Mr Keith said the inquiry had asked the Cabinet Office to return Mr Johnson’s notebooks to him by June 12 to start a similar inspection process so it can “compare them to the redacted copies already provided by the Cabinet Office”.

Mr Johnson’s locked former phone had also been handed to the government with the hope of obtaining his messages before May 2021, Mr Keith said.

“Neither Mr Johnson nor the inquiry has the technical expertise to ensure the contents of the phone can be downloaded safely and properly, particularly bearing in mind the overarching need to ensure no damage is done to national security.

“We have therefore agreed that this phone should be provided to the appropriate personnel in government for its contents to be downloaded.

“We have asked the Cabinet Office, in liaison with Mr Johnson and those government personnel, to obtain the phone without delay, to confirm in writing the process by which it will be examined and to give confirmation that it, like the diaries and the notebooks and the WhatsApps, will be accessed fully.

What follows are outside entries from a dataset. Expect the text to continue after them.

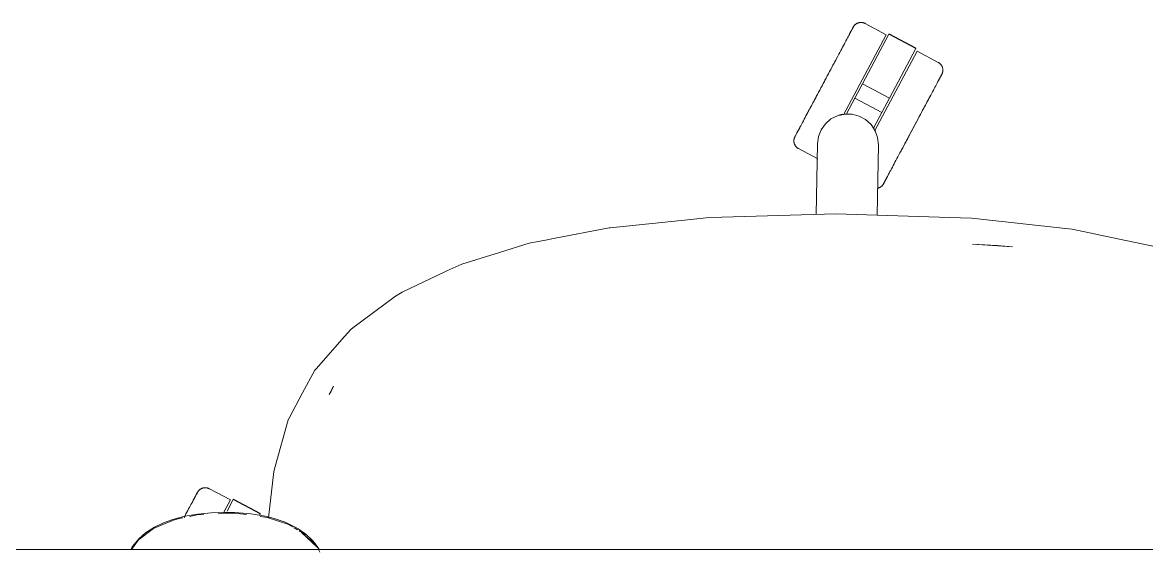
# Model space of a CAD drawing. Header units: millimetres. Extents: x 155927 to 317870, y -36033 to 97293.
# Drawn here: x 169579 to 170094, y 20183 to 20425 of the extents above; entities that cross this region are included whole.
import ezdxf

# ---------------------------------------------------------------- set-up
doc = ezdxf.new("R2010")
doc.units = ezdxf.units.MM
doc.header["$MEASUREMENT"] = 0
doc.layers.add('G-IMPT', color=8, linetype='CONTINUOUS', lineweight=9)
doc.layers.add('I-FURN', color=8, linetype='CONTINUOUS', lineweight=9)

msp = doc.modelspace()

# ---------------------------------------------------------------- linework, layer by layer
at = {"layer": 'G-IMPT'}
for p, q in [((169848.35, 20330.66), (169885.34, 20334.48)), ((169885.34, 20334.48), (169892.41, 20335.21)), ((169899.67, 20335.43), (169892.41, 20335.21)), ((169951.83, 20337.05), (169899.67, 20335.43)), ((170004.01, 20335.35), (169951.83, 20337.05)), ((170004.01, 20335.35), (170013.96, 20335.02)), ((170018.33, 20334.54), (170013.96, 20335.02)), ((170018.33, 20334.54), (170055.77, 20330.41)), ((169822.51, 20325.7), (169847.89, 20330.57)), ((169848.35, 20330.66), (169847.89, 20330.57)), ((170060.19, 20329.93), (170055.77, 20330.41)), ((170081.13, 20325.58), (170060.19, 20329.93)), ((169797.63, 20319.35), (169811.24, 20323.54)), ((169811.24, 20323.54), (169818.84, 20325)), ((169822.51, 20325.7), (169818.84, 20325)), ((170081.13, 20325.58), (170084.81, 20324.81)), ((170084.81, 20324.81), (170098.64, 20321.94)), ((169780.36, 20314.02), (169797.63, 20319.35)), ((170014.49, 20323.14), (170025.83, 20322.51)), ((170014.49, 20323.14), (170032.77, 20321.9)), ((170032.77, 20321.9), (170025.83, 20322.51)), ((169780.36, 20314.02), (169773.6, 20310.83)), ((169753.04, 20301.14), (169772.68, 20310.4)), ((169772.68, 20310.4), (169773.6, 20310.83)), ((169749.98, 20299.31), (169730.49, 20284.74)), ((169749.98, 20299.31), (169750.75, 20299.77)), ((169750.75, 20299.77), (169752.33, 20300.71)), ((169753.04, 20301.14), (169752.33, 20300.71)), ((169726.65, 20280.76), (169729.52, 20284.02)), ((169730.49, 20284.74), (169729.52, 20284.02)), ((169726.65, 20280.76), (169713.63, 20265.97)), ((169707.46, 20254.87), (169713.04, 20265.31)), ((169713.63, 20265.97), (169713.04, 20265.31)), ((169721.65, 20258), (169719.7, 20254.11)), ((169721.65, 20258), (169720.48, 20255.71)), ((169701.45, 20243.63), (169707.46, 20254.87)), ((169720.48, 20255.71), (169719.7, 20254.11)), ((169694.85, 20221.17), (169700.85, 20242.52)), ((169700.85, 20242.52), (169701.45, 20243.63)), ((169694.85, 20221.17), (169694.21, 20218.91)), ((169691.8, 20197.64), (169694.21, 20218.91)), ((169659.38, 20199.34), (169665.53, 20199.91)), ((169671.87, 20200.09), (169665.53, 20199.91)), ((169676.37, 20200), (169671.87, 20200.09)), ((169676.37, 20200), (169683.69, 20199.42)), ((169639.56, 20193.34), (169643.63, 20195.33)), ((169649.08, 20196.89), (169643.45, 20194.56)), ((169647.96, 20196.91), (169643.63, 20195.33)), ((169647.96, 20196.91), (169653.44, 20198.34)), ((169649.08, 20196.89), (169652.54, 20197.6)), ((169659.38, 20199.34), (169653.44, 20198.34)), ((169655.82, 20198.27), (169659.04, 20198.93)), ((169659.04, 20198.93), (169662.24, 20199.12)), ((169668.76, 20199.52), (169671.87, 20199.71)), ((169679.03, 20199.48), (169671.87, 20199.71)), ((169679.03, 20199.48), (169681.81, 20199.09)), ((169690.45, 20198.31), (169683.69, 20199.42)), ((169688, 20198.22), (169691.29, 20197.76)), ((169694.38, 20197.33), (169690.45, 20198.31)), ((169691.29, 20197.76), (169700.68, 20194.73)), ((169694.38, 20197.33), (169699.46, 20195.59)), ((169699.46, 20195.59), (169704.1, 20193.38)), ((169700.68, 20194.73), (169703.13, 20193.26)), ((169632.27, 20187.5), (169639.06, 20192.72)), ((169635.51, 20190.69), (169632.47, 20188.02)), ((169639.56, 20193.34), (169635.51, 20190.69)), ((169639.06, 20192.72), (169643.45, 20194.56)), ((169703.6, 20192.98), (169705.04, 20192.12)), ((169704.1, 20193.38), (169705.47, 20192.58)), ((169708.93, 20190.13), (169705.47, 20192.58)), ((169705.83, 20191.65), (169708.98, 20189.76)), ((169706.9, 20190.96), (169714.29, 20184.05)), ((169706.9, 20190.96), (169708.37, 20189.68)), ((169711.98, 20187.27), (169708.93, 20190.13)), ((169629, 20183.09), (169632.27, 20187.5)), ((169629.39, 20184.28), (169632.47, 20188.02)), ((169708.52, 20189.54), (169712.06, 20186.47)), ((169710.62, 20188), (169714.29, 20184.05)), ((169711.98, 20187.27), (169713.11, 20185.94)), ((169714.29, 20184.05), (169712.06, 20186.47)), ((169715.06, 20183.09), (169713.11, 20185.94)), ((169628.71, 20183.09), (169629.39, 20184.28)), ((169715.39, 20181.82), (169714.77, 20183.09))]:
    msp.add_line(p, q, dxfattribs=at)
at = {"layer": 'I-FURN'}
for p, q in [((169959.04, 20421.2), (169959.21, 20421.51)), ((169959.29, 20421.67), (169959.13, 20421.37)), ((169959.21, 20421.51), (169959.36, 20421.79)), ((169959.43, 20421.93), (169959.29, 20421.67)), ((169959.36, 20421.79), (169959.49, 20422.03)), ((169959.55, 20422.15), (169959.43, 20421.93)), ((169959.49, 20422.03), (169959.59, 20422.24)), ((169959.64, 20422.33), (169959.55, 20422.15)), ((169959.59, 20422.24), (169959.68, 20422.4)), ((169959.72, 20422.47), (169959.64, 20422.33)), ((169959.68, 20422.4), (169959.74, 20422.52)), ((169959.77, 20422.57), (169959.72, 20422.47)), ((169959.74, 20422.52), (169959.79, 20422.6)), ((169959.8, 20422.63), (169959.77, 20422.57)), ((169959.79, 20422.6), (169959.81, 20422.64)), ((169959.81, 20422.65), (169959.8, 20422.63)), ((169959.81, 20422.65), (169959.89, 20422.79)), ((169959.81, 20422.64), (169959.81, 20422.65)), ((169959.89, 20422.79), (169959.97, 20422.93)), ((169959.97, 20422.93), (169960.06, 20423.06)), ((169960.06, 20423.06), (169960.16, 20423.19)), ((169960.16, 20423.19), (169960.26, 20423.32)), ((169960.26, 20423.32), (169960.36, 20423.44)), ((169960.36, 20423.44), (169960.47, 20423.56)), ((169960.47, 20423.56), (169960.59, 20423.67)), ((169960.59, 20423.67), (169960.71, 20423.78)), ((169960.71, 20423.78), (169960.83, 20423.88)), ((169960.83, 20423.88), (169960.96, 20423.98)), ((169960.96, 20423.98), (169961.09, 20424.08)), ((169961.09, 20424.08), (169961.22, 20424.17)), ((169961.22, 20424.17), (169961.36, 20424.25)), ((169961.36, 20424.25), (169961.5, 20424.33)), ((169961.5, 20424.33), (169961.65, 20424.4)), ((169961.65, 20424.4), (169961.79, 20424.47)), ((169961.79, 20424.47), (169961.94, 20424.53)), ((169961.94, 20424.53), (169962.09, 20424.58)), ((169962.09, 20424.58), (169962.25, 20424.63)), ((169962.25, 20424.63), (169962.4, 20424.67)), ((169962.4, 20424.67), (169962.56, 20424.7)), ((169962.56, 20424.7), (169962.72, 20424.73)), ((169962.72, 20424.73), (169962.88, 20424.76)), ((169962.88, 20424.76), (169963.04, 20424.77)), ((169963.04, 20424.77), (169963.2, 20424.78)), ((169963.2, 20424.78), (169963.36, 20424.79)), ((169963.36, 20424.79), (169963.52, 20424.78)), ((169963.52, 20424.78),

“That is to say, there will be no redactions made to the contents, other than in relation to national security, before we may view it.”

The government yesterday outlined its reasons for seeking a judicial review with a statement in parliament.

Paymaster general Jeremy Quin sought to reassure MPs that the government’s legal action did not “touch on the government’s confidence in the inquiry” but was instead about a “narrow and technical point of law”.

He also confirmed that the first court hearing of the judicial review would take place “on or shortly after June 30”.